CSSで最初の要素以外をまとめて選択する方法::not(:first-child)セレクターの使い方
CSSの:not(:first-child)セレクターを使えば、HTML文書内の最初の要素を除いた残りの要素をすべて選択できます。この記事では、基本的な使い方から実践的な活用例までわかりやすく解説します。
たとえば、以下のルールセットをCSSスタイルシートに追加すると、サイト全体のすべてのh2要素に64pxの上マージンが適用されます。
h2 {
margin-top: 64px;
}
しかし、「サイト全体の最初のh2要素には上マージンを付けたくないが、それ以外のすべてのh2要素には付けたい」というケースではどうすればよいでしょうか。
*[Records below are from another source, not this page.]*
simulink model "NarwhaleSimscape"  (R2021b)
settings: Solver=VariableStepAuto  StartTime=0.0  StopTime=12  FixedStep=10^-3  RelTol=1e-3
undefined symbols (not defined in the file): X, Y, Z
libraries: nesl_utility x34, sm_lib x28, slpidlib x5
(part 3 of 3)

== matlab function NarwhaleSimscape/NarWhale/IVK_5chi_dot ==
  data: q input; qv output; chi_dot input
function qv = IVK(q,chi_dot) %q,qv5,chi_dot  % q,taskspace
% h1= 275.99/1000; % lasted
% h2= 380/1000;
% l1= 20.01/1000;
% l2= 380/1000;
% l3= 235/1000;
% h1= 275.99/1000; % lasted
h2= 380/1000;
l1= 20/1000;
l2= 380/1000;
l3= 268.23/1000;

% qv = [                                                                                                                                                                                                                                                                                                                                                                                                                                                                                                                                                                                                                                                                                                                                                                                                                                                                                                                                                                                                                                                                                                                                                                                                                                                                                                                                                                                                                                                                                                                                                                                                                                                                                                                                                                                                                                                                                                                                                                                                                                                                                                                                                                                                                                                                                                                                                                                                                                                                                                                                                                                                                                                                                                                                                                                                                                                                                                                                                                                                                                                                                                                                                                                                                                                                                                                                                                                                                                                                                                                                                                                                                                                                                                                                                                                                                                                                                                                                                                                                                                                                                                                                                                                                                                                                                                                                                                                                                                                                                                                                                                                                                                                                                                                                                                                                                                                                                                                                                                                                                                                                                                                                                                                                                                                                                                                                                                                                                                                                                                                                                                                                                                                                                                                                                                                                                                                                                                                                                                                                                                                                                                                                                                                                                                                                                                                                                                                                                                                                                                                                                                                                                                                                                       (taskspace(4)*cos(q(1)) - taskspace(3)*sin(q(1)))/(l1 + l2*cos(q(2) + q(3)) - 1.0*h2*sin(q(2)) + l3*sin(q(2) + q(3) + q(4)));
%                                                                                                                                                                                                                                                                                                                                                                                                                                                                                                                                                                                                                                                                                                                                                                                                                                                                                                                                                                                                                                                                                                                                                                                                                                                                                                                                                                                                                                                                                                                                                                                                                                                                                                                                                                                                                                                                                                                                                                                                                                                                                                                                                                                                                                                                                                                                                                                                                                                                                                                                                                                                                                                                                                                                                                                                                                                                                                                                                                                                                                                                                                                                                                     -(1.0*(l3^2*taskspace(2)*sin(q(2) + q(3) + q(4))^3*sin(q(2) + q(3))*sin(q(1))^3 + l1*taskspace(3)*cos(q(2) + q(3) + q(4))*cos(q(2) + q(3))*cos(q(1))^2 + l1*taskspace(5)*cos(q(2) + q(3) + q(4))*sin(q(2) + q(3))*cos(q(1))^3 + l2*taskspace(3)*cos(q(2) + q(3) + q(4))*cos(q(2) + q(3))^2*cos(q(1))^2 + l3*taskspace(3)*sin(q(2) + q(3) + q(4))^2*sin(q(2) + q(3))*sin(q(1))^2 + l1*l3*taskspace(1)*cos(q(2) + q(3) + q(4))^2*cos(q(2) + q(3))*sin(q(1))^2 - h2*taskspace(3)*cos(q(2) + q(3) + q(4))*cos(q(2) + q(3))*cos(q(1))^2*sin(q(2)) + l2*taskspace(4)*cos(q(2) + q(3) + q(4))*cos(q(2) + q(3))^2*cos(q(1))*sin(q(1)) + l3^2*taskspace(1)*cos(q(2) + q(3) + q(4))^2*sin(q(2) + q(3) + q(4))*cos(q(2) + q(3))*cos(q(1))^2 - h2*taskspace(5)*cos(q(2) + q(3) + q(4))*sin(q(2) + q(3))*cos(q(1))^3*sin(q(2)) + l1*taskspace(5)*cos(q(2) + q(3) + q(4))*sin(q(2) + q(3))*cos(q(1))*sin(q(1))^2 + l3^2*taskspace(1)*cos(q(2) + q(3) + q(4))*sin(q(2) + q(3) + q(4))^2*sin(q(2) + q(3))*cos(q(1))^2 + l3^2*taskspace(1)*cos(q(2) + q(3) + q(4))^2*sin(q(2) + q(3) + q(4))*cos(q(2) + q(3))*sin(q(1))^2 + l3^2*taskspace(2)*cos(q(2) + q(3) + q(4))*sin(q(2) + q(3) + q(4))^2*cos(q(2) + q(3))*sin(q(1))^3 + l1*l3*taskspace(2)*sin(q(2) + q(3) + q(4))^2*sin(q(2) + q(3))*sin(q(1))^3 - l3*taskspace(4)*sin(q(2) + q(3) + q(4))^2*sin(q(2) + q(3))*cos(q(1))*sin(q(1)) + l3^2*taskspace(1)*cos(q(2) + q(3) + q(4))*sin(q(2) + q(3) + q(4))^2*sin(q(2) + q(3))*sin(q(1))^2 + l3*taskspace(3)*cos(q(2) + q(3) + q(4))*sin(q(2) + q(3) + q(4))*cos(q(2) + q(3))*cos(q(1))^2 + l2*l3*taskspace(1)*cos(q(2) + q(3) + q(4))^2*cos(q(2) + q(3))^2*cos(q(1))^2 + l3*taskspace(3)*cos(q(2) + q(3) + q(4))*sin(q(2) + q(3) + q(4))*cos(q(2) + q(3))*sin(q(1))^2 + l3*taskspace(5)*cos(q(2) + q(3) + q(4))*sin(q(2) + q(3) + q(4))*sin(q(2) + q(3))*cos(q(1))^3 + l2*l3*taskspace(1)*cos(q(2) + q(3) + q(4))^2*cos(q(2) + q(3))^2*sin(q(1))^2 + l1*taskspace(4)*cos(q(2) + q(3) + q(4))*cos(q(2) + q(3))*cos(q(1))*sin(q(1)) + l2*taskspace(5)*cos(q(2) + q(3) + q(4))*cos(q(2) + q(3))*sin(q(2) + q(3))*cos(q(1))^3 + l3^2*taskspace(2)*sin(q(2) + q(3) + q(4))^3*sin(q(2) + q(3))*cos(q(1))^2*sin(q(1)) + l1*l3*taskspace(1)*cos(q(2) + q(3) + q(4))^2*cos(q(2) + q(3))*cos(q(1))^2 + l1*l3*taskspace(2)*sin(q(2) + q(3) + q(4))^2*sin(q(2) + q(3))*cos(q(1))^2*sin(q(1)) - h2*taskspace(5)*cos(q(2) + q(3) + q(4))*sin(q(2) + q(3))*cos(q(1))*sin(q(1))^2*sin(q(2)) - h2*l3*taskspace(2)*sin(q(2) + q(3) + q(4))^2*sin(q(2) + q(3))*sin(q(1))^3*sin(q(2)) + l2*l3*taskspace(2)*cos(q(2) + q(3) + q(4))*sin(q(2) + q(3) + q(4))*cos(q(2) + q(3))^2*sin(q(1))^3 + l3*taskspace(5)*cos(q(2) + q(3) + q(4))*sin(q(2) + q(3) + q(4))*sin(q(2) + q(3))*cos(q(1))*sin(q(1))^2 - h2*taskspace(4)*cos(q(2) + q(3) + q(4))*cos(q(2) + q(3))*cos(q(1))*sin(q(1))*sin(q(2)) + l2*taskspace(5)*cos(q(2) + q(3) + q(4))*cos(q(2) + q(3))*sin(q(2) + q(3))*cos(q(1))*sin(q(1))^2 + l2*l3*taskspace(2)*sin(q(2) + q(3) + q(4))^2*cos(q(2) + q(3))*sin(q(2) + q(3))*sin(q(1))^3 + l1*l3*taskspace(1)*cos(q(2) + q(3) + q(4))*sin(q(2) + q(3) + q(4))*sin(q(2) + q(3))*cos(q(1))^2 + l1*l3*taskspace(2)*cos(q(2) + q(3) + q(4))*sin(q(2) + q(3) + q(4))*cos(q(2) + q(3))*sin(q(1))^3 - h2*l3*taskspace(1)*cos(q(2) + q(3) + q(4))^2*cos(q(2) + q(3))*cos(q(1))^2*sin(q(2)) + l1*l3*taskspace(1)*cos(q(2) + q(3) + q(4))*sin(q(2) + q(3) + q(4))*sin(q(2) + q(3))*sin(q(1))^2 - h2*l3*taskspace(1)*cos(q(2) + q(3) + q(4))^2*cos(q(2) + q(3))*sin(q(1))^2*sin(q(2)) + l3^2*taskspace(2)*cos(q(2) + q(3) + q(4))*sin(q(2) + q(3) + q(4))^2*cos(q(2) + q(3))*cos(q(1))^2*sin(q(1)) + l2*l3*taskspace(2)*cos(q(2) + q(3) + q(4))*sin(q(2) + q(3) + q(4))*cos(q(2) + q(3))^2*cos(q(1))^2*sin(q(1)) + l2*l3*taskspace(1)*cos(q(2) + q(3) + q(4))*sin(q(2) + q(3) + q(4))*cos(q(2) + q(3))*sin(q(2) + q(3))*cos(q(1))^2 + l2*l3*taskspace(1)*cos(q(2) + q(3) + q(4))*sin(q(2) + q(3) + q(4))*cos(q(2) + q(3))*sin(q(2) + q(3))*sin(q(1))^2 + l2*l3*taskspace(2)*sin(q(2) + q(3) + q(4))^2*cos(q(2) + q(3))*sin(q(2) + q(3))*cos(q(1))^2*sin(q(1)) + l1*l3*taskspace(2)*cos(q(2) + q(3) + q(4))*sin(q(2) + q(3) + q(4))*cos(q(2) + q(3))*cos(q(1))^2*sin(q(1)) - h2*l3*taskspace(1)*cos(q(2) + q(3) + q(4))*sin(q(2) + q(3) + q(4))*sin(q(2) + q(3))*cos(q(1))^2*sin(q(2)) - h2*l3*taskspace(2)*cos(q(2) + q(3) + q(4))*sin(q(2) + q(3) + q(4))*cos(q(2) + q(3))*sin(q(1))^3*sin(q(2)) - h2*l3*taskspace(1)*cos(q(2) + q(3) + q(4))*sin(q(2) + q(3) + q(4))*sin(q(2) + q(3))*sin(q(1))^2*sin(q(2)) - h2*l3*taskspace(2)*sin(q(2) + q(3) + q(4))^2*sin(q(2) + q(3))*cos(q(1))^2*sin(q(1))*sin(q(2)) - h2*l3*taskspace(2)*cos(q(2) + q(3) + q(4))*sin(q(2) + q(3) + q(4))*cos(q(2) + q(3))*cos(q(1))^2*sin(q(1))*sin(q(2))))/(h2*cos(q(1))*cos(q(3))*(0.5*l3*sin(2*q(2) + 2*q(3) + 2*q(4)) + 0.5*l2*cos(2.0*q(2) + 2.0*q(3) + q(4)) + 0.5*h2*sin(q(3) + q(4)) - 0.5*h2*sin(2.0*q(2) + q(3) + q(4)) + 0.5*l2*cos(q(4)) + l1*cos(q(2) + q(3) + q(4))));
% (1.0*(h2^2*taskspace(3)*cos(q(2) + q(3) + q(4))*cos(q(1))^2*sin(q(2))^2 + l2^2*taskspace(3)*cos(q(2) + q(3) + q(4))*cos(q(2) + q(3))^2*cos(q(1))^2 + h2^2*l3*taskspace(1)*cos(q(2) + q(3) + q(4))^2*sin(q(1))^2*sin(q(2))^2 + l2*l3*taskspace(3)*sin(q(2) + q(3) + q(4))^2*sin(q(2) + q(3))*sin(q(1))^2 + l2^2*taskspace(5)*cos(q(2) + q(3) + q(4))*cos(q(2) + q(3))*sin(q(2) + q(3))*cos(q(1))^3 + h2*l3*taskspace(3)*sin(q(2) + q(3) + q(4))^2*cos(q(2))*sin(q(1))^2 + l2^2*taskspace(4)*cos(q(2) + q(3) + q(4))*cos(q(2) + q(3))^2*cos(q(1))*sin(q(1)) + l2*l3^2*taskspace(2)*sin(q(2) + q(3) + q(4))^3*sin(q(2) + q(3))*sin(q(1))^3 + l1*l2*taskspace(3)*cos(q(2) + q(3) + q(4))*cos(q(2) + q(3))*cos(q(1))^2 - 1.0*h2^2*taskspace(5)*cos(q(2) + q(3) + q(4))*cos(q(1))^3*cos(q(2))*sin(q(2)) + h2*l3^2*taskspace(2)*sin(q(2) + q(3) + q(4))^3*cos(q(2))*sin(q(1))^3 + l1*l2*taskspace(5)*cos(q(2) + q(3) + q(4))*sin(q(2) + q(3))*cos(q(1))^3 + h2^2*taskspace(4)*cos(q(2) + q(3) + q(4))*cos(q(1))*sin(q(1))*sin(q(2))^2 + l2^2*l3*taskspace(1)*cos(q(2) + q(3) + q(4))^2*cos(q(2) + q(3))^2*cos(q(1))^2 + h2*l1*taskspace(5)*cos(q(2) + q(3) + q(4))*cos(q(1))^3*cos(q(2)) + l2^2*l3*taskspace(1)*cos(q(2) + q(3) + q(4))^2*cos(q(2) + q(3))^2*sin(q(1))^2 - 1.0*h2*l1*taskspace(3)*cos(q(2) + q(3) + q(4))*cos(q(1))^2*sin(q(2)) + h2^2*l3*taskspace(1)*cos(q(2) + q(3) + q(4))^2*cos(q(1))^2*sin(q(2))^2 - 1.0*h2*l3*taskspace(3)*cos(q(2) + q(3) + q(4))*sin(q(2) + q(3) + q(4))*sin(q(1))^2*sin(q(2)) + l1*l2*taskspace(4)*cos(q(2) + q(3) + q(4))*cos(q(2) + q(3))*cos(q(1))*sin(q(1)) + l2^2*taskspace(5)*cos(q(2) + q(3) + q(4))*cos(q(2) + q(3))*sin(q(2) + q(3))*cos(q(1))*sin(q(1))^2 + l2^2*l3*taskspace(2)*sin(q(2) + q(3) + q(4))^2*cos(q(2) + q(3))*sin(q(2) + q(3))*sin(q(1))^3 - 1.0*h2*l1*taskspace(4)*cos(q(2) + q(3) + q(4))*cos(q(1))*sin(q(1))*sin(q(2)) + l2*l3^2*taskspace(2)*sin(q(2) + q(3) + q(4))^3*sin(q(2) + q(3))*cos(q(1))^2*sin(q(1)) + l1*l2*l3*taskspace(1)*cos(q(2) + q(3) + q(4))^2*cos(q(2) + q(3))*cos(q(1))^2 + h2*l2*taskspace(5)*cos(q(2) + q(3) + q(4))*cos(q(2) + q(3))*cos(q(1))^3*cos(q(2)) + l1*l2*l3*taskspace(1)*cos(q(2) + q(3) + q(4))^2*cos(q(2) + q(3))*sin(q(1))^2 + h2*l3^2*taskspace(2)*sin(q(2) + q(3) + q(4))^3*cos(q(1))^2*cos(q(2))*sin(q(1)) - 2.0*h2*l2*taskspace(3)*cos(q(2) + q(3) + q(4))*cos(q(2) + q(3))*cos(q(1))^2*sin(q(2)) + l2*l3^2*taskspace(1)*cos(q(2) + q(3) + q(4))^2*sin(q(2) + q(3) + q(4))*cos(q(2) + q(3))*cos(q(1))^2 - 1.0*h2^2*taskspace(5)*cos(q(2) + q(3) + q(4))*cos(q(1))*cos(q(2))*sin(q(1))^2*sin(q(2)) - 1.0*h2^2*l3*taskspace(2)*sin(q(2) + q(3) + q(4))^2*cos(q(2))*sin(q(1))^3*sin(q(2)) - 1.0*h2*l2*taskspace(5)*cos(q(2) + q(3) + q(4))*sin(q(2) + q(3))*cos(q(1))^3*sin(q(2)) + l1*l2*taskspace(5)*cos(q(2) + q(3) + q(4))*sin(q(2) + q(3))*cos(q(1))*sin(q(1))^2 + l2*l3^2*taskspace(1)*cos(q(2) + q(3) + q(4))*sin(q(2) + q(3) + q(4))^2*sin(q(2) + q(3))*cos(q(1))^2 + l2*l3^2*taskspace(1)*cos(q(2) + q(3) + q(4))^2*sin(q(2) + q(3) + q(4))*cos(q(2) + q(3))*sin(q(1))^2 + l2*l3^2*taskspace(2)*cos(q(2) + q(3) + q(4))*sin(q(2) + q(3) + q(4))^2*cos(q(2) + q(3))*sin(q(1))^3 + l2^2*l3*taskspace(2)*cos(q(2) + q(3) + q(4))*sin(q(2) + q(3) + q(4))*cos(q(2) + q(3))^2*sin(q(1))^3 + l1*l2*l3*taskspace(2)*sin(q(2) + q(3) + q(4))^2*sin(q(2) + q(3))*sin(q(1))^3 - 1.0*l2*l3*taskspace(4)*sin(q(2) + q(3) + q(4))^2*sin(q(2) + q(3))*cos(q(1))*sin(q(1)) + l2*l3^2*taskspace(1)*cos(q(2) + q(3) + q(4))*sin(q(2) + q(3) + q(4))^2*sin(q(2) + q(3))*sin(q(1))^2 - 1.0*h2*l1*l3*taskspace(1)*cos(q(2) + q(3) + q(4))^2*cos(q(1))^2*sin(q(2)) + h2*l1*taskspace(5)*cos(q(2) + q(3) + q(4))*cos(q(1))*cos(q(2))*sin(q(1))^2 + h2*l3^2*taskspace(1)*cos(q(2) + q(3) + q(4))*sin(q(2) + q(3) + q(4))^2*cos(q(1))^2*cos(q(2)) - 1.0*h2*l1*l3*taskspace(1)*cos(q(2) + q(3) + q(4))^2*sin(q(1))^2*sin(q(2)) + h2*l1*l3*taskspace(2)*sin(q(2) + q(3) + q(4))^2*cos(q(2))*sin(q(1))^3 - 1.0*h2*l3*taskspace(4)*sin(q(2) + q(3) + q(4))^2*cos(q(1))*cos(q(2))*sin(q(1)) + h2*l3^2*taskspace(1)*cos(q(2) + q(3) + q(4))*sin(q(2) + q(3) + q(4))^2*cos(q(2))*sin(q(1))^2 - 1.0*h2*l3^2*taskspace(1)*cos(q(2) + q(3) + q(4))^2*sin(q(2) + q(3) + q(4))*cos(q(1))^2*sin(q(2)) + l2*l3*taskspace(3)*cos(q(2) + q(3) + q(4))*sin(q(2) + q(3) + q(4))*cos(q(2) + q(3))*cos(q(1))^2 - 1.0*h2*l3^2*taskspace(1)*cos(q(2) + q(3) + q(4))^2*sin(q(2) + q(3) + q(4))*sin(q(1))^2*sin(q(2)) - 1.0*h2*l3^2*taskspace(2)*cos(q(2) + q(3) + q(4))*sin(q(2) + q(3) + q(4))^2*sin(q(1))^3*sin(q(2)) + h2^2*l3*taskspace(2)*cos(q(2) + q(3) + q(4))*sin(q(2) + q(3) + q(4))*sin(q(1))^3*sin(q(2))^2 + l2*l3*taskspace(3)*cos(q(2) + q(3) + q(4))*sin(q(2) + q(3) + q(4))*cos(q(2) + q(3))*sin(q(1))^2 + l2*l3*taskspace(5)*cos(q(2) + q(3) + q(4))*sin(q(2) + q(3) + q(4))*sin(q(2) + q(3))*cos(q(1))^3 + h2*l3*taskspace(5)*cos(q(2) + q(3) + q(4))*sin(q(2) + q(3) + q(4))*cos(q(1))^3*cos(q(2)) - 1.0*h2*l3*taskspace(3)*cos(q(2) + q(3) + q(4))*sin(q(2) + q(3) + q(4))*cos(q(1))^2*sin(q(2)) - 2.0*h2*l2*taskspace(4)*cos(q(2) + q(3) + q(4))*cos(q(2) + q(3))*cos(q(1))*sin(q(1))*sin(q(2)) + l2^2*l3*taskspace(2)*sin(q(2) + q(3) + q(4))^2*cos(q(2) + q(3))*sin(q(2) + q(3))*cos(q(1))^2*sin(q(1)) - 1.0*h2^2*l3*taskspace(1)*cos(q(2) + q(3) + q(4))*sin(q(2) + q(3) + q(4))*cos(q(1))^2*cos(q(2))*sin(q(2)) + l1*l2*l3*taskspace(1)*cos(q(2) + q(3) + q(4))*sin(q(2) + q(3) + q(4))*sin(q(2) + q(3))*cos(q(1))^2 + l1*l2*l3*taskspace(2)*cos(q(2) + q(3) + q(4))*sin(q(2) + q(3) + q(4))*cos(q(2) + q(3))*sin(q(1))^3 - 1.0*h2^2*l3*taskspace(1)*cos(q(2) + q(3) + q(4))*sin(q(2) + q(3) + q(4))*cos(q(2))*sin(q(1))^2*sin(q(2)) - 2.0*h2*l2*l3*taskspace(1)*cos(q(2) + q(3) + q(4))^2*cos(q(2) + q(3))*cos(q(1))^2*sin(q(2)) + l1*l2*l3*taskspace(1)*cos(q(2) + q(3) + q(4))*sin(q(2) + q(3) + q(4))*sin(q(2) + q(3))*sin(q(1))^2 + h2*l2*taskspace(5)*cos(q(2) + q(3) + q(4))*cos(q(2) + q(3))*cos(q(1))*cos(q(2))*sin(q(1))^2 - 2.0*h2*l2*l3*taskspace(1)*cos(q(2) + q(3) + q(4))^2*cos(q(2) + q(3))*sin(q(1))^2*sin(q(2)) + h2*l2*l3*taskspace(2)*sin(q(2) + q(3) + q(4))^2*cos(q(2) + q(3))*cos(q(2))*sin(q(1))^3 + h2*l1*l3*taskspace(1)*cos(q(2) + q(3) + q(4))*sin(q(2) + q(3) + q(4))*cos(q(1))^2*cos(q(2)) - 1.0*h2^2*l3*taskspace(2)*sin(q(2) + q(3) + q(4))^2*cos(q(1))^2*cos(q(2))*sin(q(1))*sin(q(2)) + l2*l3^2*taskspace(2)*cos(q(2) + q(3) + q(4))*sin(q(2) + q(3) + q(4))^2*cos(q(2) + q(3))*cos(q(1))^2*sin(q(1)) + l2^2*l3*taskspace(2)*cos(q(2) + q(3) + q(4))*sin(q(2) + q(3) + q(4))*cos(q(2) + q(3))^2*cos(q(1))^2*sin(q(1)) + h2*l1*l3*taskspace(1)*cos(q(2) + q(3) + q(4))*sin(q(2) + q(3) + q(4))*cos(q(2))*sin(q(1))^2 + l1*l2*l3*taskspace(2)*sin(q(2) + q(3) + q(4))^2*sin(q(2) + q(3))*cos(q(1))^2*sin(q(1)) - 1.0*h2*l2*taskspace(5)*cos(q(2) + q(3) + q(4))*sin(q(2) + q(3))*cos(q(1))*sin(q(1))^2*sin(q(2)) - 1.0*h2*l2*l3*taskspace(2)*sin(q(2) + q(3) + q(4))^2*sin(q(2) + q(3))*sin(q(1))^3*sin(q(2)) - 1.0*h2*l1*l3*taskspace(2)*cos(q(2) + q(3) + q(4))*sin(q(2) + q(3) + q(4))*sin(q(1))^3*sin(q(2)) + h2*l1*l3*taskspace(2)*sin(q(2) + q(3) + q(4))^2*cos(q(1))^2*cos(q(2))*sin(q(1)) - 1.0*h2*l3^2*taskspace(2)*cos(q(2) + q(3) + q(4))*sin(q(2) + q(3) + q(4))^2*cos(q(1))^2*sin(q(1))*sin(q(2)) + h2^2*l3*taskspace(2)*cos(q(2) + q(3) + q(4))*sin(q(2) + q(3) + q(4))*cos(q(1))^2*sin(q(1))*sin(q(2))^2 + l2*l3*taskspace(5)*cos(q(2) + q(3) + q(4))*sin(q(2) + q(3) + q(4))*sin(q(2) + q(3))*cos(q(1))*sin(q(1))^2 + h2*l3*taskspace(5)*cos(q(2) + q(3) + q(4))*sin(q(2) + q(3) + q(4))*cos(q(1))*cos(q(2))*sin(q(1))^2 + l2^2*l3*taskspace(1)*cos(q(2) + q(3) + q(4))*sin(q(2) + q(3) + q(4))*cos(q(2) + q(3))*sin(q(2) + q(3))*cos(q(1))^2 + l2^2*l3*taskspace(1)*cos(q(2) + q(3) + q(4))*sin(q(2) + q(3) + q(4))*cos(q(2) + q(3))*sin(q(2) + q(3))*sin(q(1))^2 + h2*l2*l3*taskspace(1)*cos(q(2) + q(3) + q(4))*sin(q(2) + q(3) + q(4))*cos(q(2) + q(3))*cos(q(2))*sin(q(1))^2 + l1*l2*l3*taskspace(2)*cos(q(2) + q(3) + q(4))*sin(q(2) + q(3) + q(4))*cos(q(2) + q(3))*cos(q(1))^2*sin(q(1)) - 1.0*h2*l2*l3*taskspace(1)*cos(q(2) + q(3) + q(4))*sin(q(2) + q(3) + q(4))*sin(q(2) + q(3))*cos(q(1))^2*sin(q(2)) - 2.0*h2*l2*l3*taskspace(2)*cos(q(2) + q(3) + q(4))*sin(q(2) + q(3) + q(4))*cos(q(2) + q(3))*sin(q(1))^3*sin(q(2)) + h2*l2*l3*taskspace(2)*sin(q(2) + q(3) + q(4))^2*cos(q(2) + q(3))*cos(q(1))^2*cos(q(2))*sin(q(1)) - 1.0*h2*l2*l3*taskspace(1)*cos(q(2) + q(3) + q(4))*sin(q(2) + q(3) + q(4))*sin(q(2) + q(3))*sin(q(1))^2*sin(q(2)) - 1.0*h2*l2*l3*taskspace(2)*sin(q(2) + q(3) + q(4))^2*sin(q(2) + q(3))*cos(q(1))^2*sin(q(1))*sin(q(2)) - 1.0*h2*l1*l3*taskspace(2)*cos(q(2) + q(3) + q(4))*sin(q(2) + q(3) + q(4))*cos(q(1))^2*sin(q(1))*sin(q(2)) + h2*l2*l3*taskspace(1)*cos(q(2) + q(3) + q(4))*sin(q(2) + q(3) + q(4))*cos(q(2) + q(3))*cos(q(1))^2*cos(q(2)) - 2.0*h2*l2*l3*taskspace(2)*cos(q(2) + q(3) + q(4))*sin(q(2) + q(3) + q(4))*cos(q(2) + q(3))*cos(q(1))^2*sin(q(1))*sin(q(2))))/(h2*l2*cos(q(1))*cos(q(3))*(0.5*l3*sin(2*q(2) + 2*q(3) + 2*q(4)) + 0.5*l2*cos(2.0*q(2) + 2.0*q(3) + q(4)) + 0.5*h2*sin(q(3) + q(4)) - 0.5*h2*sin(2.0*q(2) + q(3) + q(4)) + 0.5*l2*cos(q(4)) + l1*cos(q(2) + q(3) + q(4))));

:not(:first-child)セレクターを使う
次のルールセットをスタイルシートに追加しましょう。
h2:not(:first-child) {
margin-top: 64px;
}
これで、各ページ(または投稿)の最初のh2要素を除き、サイト上の他のすべてのh2要素に対して、一貫して同じmargin-top値が適用されるようになります。
:not(:first-child)セレクターの具体的な活用例
Webサイトのタイポグラフィレイアウトを整えている場面を想像してみてください。記事の可読性を高めるため、すべてのh2見出しにmargin-top: 64px;を設定し、セクション間に十分な余白を持たせたいとします。
ところが、記事の先頭には雑誌やポスター風デザインの導入セクションがあり、カバー画像やオーバーレイ、その上に重ねられたさまざまなテキスト要素が配置されていることがあります。こうした導入部分では、複数の見出し要素(h1がタイトル、h2がキャッチコピーなど)を使うことも少なくありません。
このような場合、記事本文とまったく同じマージンやパディングの値を導入セクションに流用したくないはずです。:not(:first-child)セレクターを使えば、この問題をスマートに解決できます。
このセレクターはあらゆるHTML要素に使用できます。もう一つの定番の活用例が、ナビゲーションメニューに順序なしリスト<ul>を使うケースです。メニュー内のulには固有のスタイル(配置、ボーダー、配色など)を適用しつつ、サイトの他の部分への影響は避けたい――そんな場面で非常に便利です。
最近のCSSはクラスでのスタイリングが主流では?
現代のWeb開発では、要素セレクターによる直接のスタイリングを避け、クラスを使うのが一般的になっています。私自身もクラス派です。成長し続けるWebプラットフォームでは、クラスの方がスケーラブルで再利用性の高いCSSを書きやすいからです。
とはいえ、要素セレクターによる直接的なスタイリングにも、今なお存在価値があります。要素セレクターに対してベースラインとなるグローバルスタイルを設定しておけば、プロダクトのUI全体に自動的に一貫性と統一感をもたらすことができます。正しく運用すれば、反復的になりがちなUIスタイリングの工数を大きく削減できるでしょう。